▶ _Directions_:
A line below contains "cam_camera = bpy.data.cameras.new('Camera')", and a later one contains "light_lamp.use_absolute_resolution = True". Repeat both, with every line between them, exactly.

*** Opening of Data supplied ***

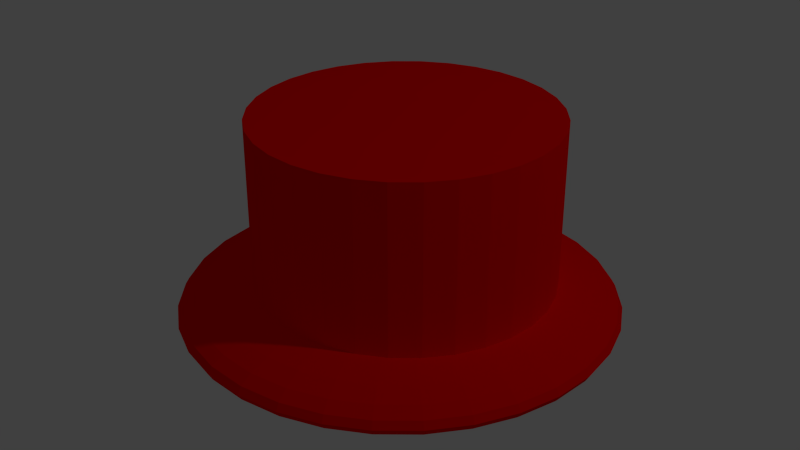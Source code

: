 # Source: redHat.blend  (saved by Blender 2.79.0; exported with 4.5.12 LTS)
import bpy
from mathutils import Matrix  # noqa: F401  (used for matrix-valued properties, if any)

bpy.ops.wm.read_factory_settings(use_empty=True)
scene = bpy.context.scene
scene.name = 'Scene'

# ---- collections
col_collection_1 = bpy.data.collections.new('Collection 1'); scene.collection.children.link(col_collection_1)

# ---- materials (node trees are filled in below, after node groups)
mat_material_001 = bpy.data.materials.new('Material.001')
mat_material_001.alpha_threshold = 0.0
mat_material_001.use_transparent_shadow = False
mat_material_001.diffuse_color = (1.0, 0.0, 0.0, 1.0)
mat_material_001.roughness = 0.5
mat_material_001.line_color = (0.0, 0.0, 0.0, 1.0)

# ---- material node trees

# ---- world
world_world = bpy.data.worlds.new('World'); scene.world = world_world
world_world.color = (0.05088, 0.05088, 0.05088)
world_world.use_sun_shadow = False
world_world.sun_shadow_jitter_overblur = 0.0
world_world.cycles.sampling_method = 'NONE'
world_world.cycles.sample_map_resolution = 256

# ---- cameras
cam_camera = bpy.data.cameras.new('Camera')
cam_camera.clip_end = 100.0
cam_camera.lens = 35.0
cam_camera.sensor_width = 32.0
cam_camera.sensor_height = 18.0
cam_camera.ortho_scale = 7.314
cam_camera.dof.focus_distance = 0.0
cam_camera.dof.aperture_fstop = 128.0

# ---- lights
light_lamp = bpy.data.lights.new('Lamp', 'POINT')
light_lamp.transmission_factor = 0.0
light_lamp.cutoff_distance = 30.0
light_lamp.energy = 100.0
light_lamp.shadow_buffer_clip_start = 1.001
light_lamp.shadow_soft_size = 0.1
light_lamp.shadow_maximum_resolution = 0.006
light_lamp.use_absolute_resolution = True
light_lamp.cycles.use_multiple_importance_sampling = False

# ---- meshes
me_cylinder = bpy.data.meshes.new('Cylinder')
me_cylinder.from_pydata([(0.0, 1.0, -1.0), (0.0, 1.0, 1.0), (0.1951, 0.9808, -1.0), (0.1951, 0.9808, 1.0), (0.3827, 0.9239, -1.0), (0.3827, 0.9239, 1.0), (0.5556, 0.8315, -1.0), (0.5556, 0.8315, 1.0), (0.7071, 0.7071, -1.0), (0.7071, 0.7071, 1.0), (0.8315, 0.5556, -1.0), (0.8315, 0.5556, 1.0), (0.9239, 0.3827, -1.0), (0.9239, 0.3827, 1.0), (0.9808, 0.1951, -1.0), (0.9808, 0.1951, 1.0), (1.0, 7.55e-08, -1.0), (1.0, 7.55e-08, 1.0), (0.9808, -0.1951, -1.0), (0.9808, -0.1951, 1.0), (0.9239, -0.3827, -1.0), (0.9239, -0.3827, 1.0), (0.8315, -0.5556, -1.0), (0.8315, -0.5556, 1.0), (0.7071, -0.7071, -1.0), (0.7071, -0.7071, 1.0), (0.5556, -0.8315, -1.0), (0.5556, -0.8315, 1.0), (0.3827, -0.9239, -1.0), (0.3827, -0.9239, 1.0), (0.1951, -0.9808, -1.0), (0.1951, -0.9808, 1.0), (-3.258e-07, -1.0, -1.0), (-3.258e-07, -1.0, 1.0), (-0.1951, -0.9808, -1.0), (-0.1951, -0.9808, 1.0), (-0.3827, -0.9239, -1.0), (-0.3827, -0.9239, 1.0), (-0.5556, -0.8315, -1.0), (-0.5556, -0.8315, 1.0), (-0.7071, -0.7071, -1.0), (-0.7071, -0.7071, 1.0), (-0.8315, -0.5556, -1.0), (-0.8315, -0.5556, 1.0), (-0.9239, -0.3827, -1.0), (-0.9239, -0.3827, 1.0), (-0.9808, -0.1951, -1.0), (-0.9808, -0.1951, 1.0), (-1.0, 9.656e-07, -1.0), (-1.0, 9.656e-07, 1.0), (-0.9808, 0.1951, -1.0), (-0.9808, 0.1951, 1.0), (-0.9239, 0.3827, -1.0), (-0.9239, 0.3827, 1.0), (-0.8315, 0.5556, -1.0), (-0.8315, 0.5556, 1.0), (-0.7071, 0.7071, -1.0), (-0.7071, 0.7071, 1.0), (-0.5556, 0.8315, -1.0), (-0.5556, 0.8315, 1.0), (-0.3827, 0.9239, -1.0), (-0.3827, 0.9239, 1.0), (-0.1951, 0.9808, -1.0), (-0.1951, 0.9808, 1.0), (-0.3207, -0.01587, -0.7357), (-0.5952, -0.01587, -0.7585), (-0.8482, -0.01587, -0.7955), (-1.07, -0.01587, -0.8452), (-1.252, -0.01587, -0.9058), (-1.387, -0.01587, -0.975), (-1.47, -0.01587, -1.05), (-1.499, -0.01587, -1.128), (-1.47, -0.01587, -1.206), (-1.387, -0.01587, -1.281), (-1.252, -0.01587, -1.35), (-1.07, -0.01587, -1.411), (-0.8482, -0.01587, -1.461), (-0.5952, -0.01587, -1.498), (-0.3207, -0.01587, -1.52), (-0.3152, 0.03982, -0.7357), (-0.5845, 0.09338, -0.7585), (-0.8326, 0.1427, -0.7955), (-1.05, 0.186, -0.8452), (-1.229, 0.2215, -0.9058), (-1.361, 0.2479, -0.975), (-1.443, 0.2641, -1.05), (-1.47, 0.2696, -1.128), (-1.443, 0.2641, -1.206), (-1.361, 0.2479, -1.281), (-1.229, 0.2215, -1.35), (-1.05, 0.186, -1.411), (-0.8326, 0.1427, -1.461), (-0.5845, 0.09338, -1.498), (-0.3152, 0.03982, -1.52), (-0.299, 0.09338, -0.7357), (-0.5526, 0.1984, -0.7585), (-0.7863, 0.2953, -0.7955), (-0.9912, 0.3801, -0.8452), (-1.159, 0.4498, -0.9058), (-1.284, 0.5015, -0.975), (-1.361, 0.5334, -1.05), (-1.387, 0.5442, -1.128), (-1.361, 0.5334, -1.206), (-1.284, 0.5015, -1.281), (-1.159, 0.4498, -1.35), (-0.9912, 0.3801, -1.411), (-0.7863, 0.2953, -1.461), (-0.5526, 0.1984, -1.498), (-0.299, 0.09338, -1.52), (-0.2726, 0.1427, -0.7357), (-0.5008, 0.2953, -0.7585), (-0.7112, 0.4358, -0.7955), (-0.8956, 0.559, -0.8452), (-1.047, 0.6601, -0.9058), (-1.159, 0.7353, -0.975), (-1.229, 0.7815, -1.05), (-1.252, 0.7972, -1.128), (-1.229, 0.7815, -1.206), (-1.159, 0.7353, -1.281), (-1.047, 0.6601, -1.35), (-0.8956, 0.559, -1.411), (-0.7112, 0.4358, -1.461), (-0.5008, 0.2953, -1.498), (-0.2726, 0.1427, -1.52), (-0.2371, 0.186, -0.7357), (-0.4312, 0.3801, -0.7585), (-0.6101, 0.559, -0.7955), (-0.7669, 0.7158, -0.8452), (-0.8956, 0.8445, -0.9058), (-0.9912, 0.9401, -0.975), (-1.05, 0.999, -1.05), (-1.07, 1.019, -1.128), (-1.05, 0.999, -1.206), (-0.9912, 0.9401, -1.281), (-0.8956, 0.8445, -1.35), (-0.7669, 0.7158, -1.411), (-0.6101, 0.559, -1.461), (-0.4312, 0.3801, -1.498), (-0.2371, 0.186, -1.52), (-0.1938, 0.2215, -0.7357), (-0.3463, 0.4498, -0.7585), (-0.4869, 0.6601, -0.7955), (-0.6101, 0.8445, -0.8452), (-0.7112, 0.9958, -0.9058), (-0.7863, 1.108, -0.975), (-0.8326, 1.178, -1.05), (-0.8482, 1.201, -1.128), (-0.8326, 1.178, -1.206), (-0.7863, 1.108, -1.281), (-0.7112, 0.9958, -1.35), (-0.6101, 0.8445, -1.411), (-0.4869, 0.6601, -1.461), (-0.3463, 0.4498, -1.498), (-0.1938, 0.2215, -1.52), (-0.1444, 0.2479, -0.7357), (-0.2495, 0.5015, -0.7585), (-0.3463, 0.7353, -0.7955), (-0.4312, 0.9401, -0.8452), (-0.5008, 1.108, -0.9058), (-0.5526, 1.233, -0.975), (-0.5845, 1.31, -1.05), (-0.5952, 1.336, -1.128), (-0.5845, 1.31, -1.206), (-0.5526, 1.233, -1.281), (-0.5008, 1.108, -1.35), (-0.4312, 0.9401, -1.411), (-0.3463, 0.7353, -1.461), (-0.2495, 0.5015, -1.498), (-0.1444, 0.2479, -1.52), (-0.09089, 0.2641, -0.7357), (-0.1444, 0.5334, -0.7585), (-0.1938, 0.7815, -0.7955), (-0.2371, 0.999, -0.8452), (-0.2726, 1.178, -0.9058), (-0.299, 1.31, -0.975), (-0.3152, 1.392, -1.05), (-0.3207, 1.419, -1.128), (-0.3152, 1.392, -1.206), (-0.299, 1.31, -1.281), (-0.2726, 1.178, -1.35), (-0.2371, 0.999, -1.411), (-0.1938, 0.7815, -1.461), (-0.1444, 0.5334, -1.498), (-0.09089, 0.2641, -1.52), (-0.03519, 0.2696, -0.7357), (-0.03519, 0.5442, -0.7585), (-0.03519, 0.7972, -0.7955), (-0.03519, 1.019, -0.8452), (-0.03519, 1.201, -0.9058), (-0.03519, 1.336, -0.975), (-0.03519, 1.419, -1.05), (-0.03519, 1.448, -1.128), (-0.03519, 1.419, -1.206), (-0.03519, 1.336, -1.281), (-0.03519, 1.201, -1.35), (-0.03519, 1.019, -1.411), (-0.03519, 0.7972, -1.461), (-0.03519, 0.5442, -1.498), (-0.03519, 0.2696, -1.52), (0.0205, 0.2641, -0.7357), (0.07406, 0.5334, -0.7585), (0.1234, 0.7815, -0.7955), (0.1667, 0.999, -0.8452), (0.2022, 1.178, -0.9058), (0.2286, 1.31, -0.975), (0.2448, 1.392, -1.05), (0.2503, 1.419, -1.128), (0.2448, 1.392, -1.206), (0.2286, 1.31, -1.281), (0.2022, 1.178, -1.35), (0.1667, 0.999, -1.411), (0.1234, 0.7815, -1.461), (0.07406, 0.5334, -1.498), (0.0205, 0.2641, -1.52), (0.07406, 0.2479, -0.7357), (0.1791, 0.5015, -0.7585), (0.2759, 0.7353, -0.7955), (0.3608, 0.9401, -0.8452), (0.4304, 1.108, -0.9058), (0.4822, 1.233, -0.975), (0.5141, 1.31, -1.05), (0.5248, 1.336, -1.128), (0.5141, 1.31, -1.206), (0.4822, 1.233, -1.281), (0.4304, 1.108, -1.35), (0.3608, 0.9401, -1.411), (0.2759, 0.7353, -1.461), (0.1791, 0.5015, -1.498), (0.07406, 0.2479, -1.52), (0.1234, 0.2215, -0.7357), (0.2759, 0.4498, -0.7585), (0.4165, 0.6601, -0.7955), (0.5397, 0.8445, -0.8452), (0.6408, 0.9958, -0.9058), (0.7159, 1.108, -0.975), (0.7622, 1.178, -1.05), (0.7778, 1.201, -1.128), (0.7622, 1.178, -1.206), (0.7159, 1.108, -1.281), (0.6408, 0.9958, -1.35), (0.5397, 0.8445, -1.411), (0.4165, 0.6601, -1.461), (0.2759, 0.4498, -1.498), (0.1234, 0.2215, -1.52), (0.1667, 0.186, -0.7357), (0.3608, 0.3801, -0.7585), (0.5397, 0.559, -0.7955), (0.6965, 0.7158, -0.8452), (0.8252, 0.8445, -0.9058), (0.9208, 0.9401, -0.975), (0.9797, 0.999, -1.05), (0.9996, 1.019, -1.128), (0.9797, 0.999, -1.206), (0.9208, 0.9401, -1.281), (0.8252, 0.8445, -1.35), (0.6965, 0.7158, -1.411), (0.5397, 0.559, -1.461), (0.3608, 0.3801, -1.498), (0.1667, 0.186, -1.52), (0.2022, 0.1427, -0.7357), (0.4304, 0.2953, -0.7585), (0.6408, 0.4358, -0.7955), (0.8252, 0.559, -0.8452), (0.9765, 0.6601, -0.9058), (1.089, 0.7353, -0.975), (1.158, 0.7815, -1.05), (1.182, 0.7972, -1.128), (1.158, 0.7815, -1.206), (1.089, 0.7353, -1.281), (0.9765, 0.6601, -1.35), (0.8252, 0.559, -1.411), (0.6408, 0.4358, -1.461), (0.4304, 0.2953, -1.498), (0.2022, 0.1427, -1.52), (0.2286, 0.09338, -0.7357), (0.4822, 0.1984, -0.7585), (0.7159, 0.2953, -0.7955), (0.9208, 0.3801, -0.8452), (1.089, 0.4498, -0.9058), (1.214, 0.5015, -0.975), (1.291, 0.5334, -1.05), (1.317, 0.5442, -1.128), (1.291, 0.5334, -1.206), (1.214, 0.5015, -1.281), (1.089, 0.4498, -1.35), (0.9208, 0.3801, -1.411), (0.7159, 0.2953, -1.461), (0.4822, 0.1984, -1.498), (0.2286, 0.09338, -1.52), (0.2448, 0.03982, -0.7357), (0.5141, 0.09338, -0.7585), (0.7622, 0.1427, -0.7955), (0.9797, 0.186, -0.8452), (1.158, 0.2215, -0.9058), (1.291, 0.2479, -0.975), (1.373, 0.2641, -1.05), (1.4, 0.2696, -1.128), (1.373, 0.2641, -1.206), (1.291, 0.2479, -1.281), (1.158, 0.2215, -1.35), (0.9797, 0.186, -1.411), (0.7622, 0.1427, -1.461), (0.5141, 0.09338, -1.498), (0.2448, 0.03982, -1.52), (0.2503, -0.01587, -0.7357), (0.5248, -0.01587, -0.7585), (0.7778, -0.01587, -0.7955), (0.9996, -0.01587, -0.8452), (1.182, -0.01587, -0.9058), (1.317, -0.01587, -0.975), (1.4, -0.01587, -1.05), (1.428, -0.01587, -1.128), (1.4, -0.01587, -1.206), (1.317, -0.01587, -1.281), (1.182, -0.01587, -1.35), (0.9996, -0.01587, -1.411), (0.7778, -0.01587, -1.461), (0.5248, -0.01587, -1.498), (0.2503, -0.01587, -1.52), (0.2448, -0.07157, -0.7357), (0.5141, -0.1251, -0.7585), (0.7622, -0.1745, -0.7955), (0.9797, -0.2178, -0.8452), (1.158, -0.2533, -0.9058), (1.291, -0.2796, -0.975), (1.373, -0.2959, -1.05), (1.4, -0.3014, -1.128), (1.373, -0.2959, -1.206), (1.291, -0.2796, -1.281), (1.158, -0.2533, -1.35), (0.9797, -0.2178, -1.411), (0.7622, -0.1745, -1.461), (0.5141, -0.1251, -1.498), (0.2448, -0.07157, -1.52), (0.2286, -0.1251, -0.7357), (0.4822, -0.2302, -0.7585), (0.7159, -0.327, -0.7955), (0.9208, -0.4119, -0.8452), (1.089, -0.4815, -0.9058), (1.214, -0.5333, -0.975), (1.291, -0.5651, -1.05), (1.317, -0.5759, -1.128), (1.291, -0.5651, -1.206), (1.214, -0.5333, -1.281), (1.089, -0.4815, -1.35), (0.9208, -0.4119, -1.411), (0.7159, -0.327, -1.461), (0.4822, -0.2302, -1.498), (0.2286, -0.1251, -1.52), (0.2022, -0.1745, -0.7357), (0.4304, -0.327, -0.7585), (0.6408, -0.4676, -0.7955), (0.8252, -0.5908, -0.8452), (0.9765, -0.6919, -0.9058), (1.089, -0.767, -0.975), (1.158, -0.8133, -1.05), (1.182, -0.8289, -1.128), (1.158, -0.8133, -1.206), (1.089, -0.767, -1.281), (0.9765, -0.6919, -1.35), (0.8252, -0.5908, -1.411), (0.6408, -0.4676, -1.461), (0.4304, -0.327, -1.498), (0.2022, -0.1745, -1.52), (0.1667, -0.2178, -0.7357), (0.3608, -0.4119, -0.7585), (0.5397, -0.5908, -0.7955), (0.6965, -0.7476, -0.8452), (0.8252, -0.8763, -0.9058), (0.9208, -0.9719, -0.975), (0.9797, -1.031, -1.05), (0.9996, -1.051, -1.128), (0.9797, -1.031, -1.206), (0.9208, -0.9719, -1.281), (0.8252, -0.8763, -1.35), (0.6965, -0.7476, -1.411), (0.5397, -0.5908, -1.461), (0.3608, -0.4119, -1.498), (0.1667, -0.2178, -1.52), (0.1234, -0.2533, -0.7357), (0.2759, -0.4815, -0.7585), (0.4165, -0.6919, -0.7955), (0.5397, -0.8763, -0.8452), (0.6408, -1.028, -0.9058), (0.7159, -1.14, -0.975), (0.7622, -1.209, -1.05), (0.7778, -1.233, -1.128), (0.7622, -1.209, -1.206), (0.7159, -1.14, -1.281), (0.6408, -1.028, -1.35), (0.5397, -0.8763, -1.411), (0.4165, -0.6919, -1.461), (0.2759, -0.4815, -1.498), (0.1234, -0.2533, -1.52), (-0.03519, -0.01587, -1.528), (0.07406, -0.2796, -0.7357), (0.1791, -0.5333, -0.7585), (0.2759, -0.767, -0.7955), (0.3608, -0.9719, -0.8452), (0.4304, -1.14, -0.9058), (0.4822, -1.265, -0.975), (0.5141, -1.342, -1.05), (0.5248, -1.368, -1.128), (0.5141, -1.342, -1.206), (0.4822, -1.265, -1.281), (0.4304, -1.14, -1.35), (0.3608, -0.9719, -1.411), (0.2759, -0.767, -1.461), (0.1791, -0.5333, -1.498), (0.07406, -0.2796, -1.52), (0.0205, -0.2959, -0.7357), (0.07406, -0.5651, -0.7585), (0.1234, -0.8133, -0.7955), (0.1667, -1.031, -0.8452), (0.2022, -1.209, -0.9058), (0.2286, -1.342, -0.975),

*** Close of Data supplied ***

▶ _Exercise answer_:
cam_camera = bpy.data.cameras.new('Camera')
cam_camera.clip_end = 100.0
cam_camera.lens = 35.0
cam_camera.sensor_width = 32.0
cam_camera.sensor_height = 18.0
cam_camera.ortho_scale = 7.314
cam_camera.dof.focus_distance = 0.0
cam_camera.dof.aperture_fstop = 128.0

# ---- lights
light_lamp = bpy.data.lights.new('Lamp', 'POINT')
light_lamp.transmission_factor = 0.0
light_lamp.cutoff_distance = 30.0
light_lamp.energy = 100.0
light_lamp.shadow_buffer_clip_start = 1.001
light_lamp.shadow_soft_size = 0.1
light_lamp.shadow_maximum_resolution = 0.006
light_lamp.use_absolute_resolution = True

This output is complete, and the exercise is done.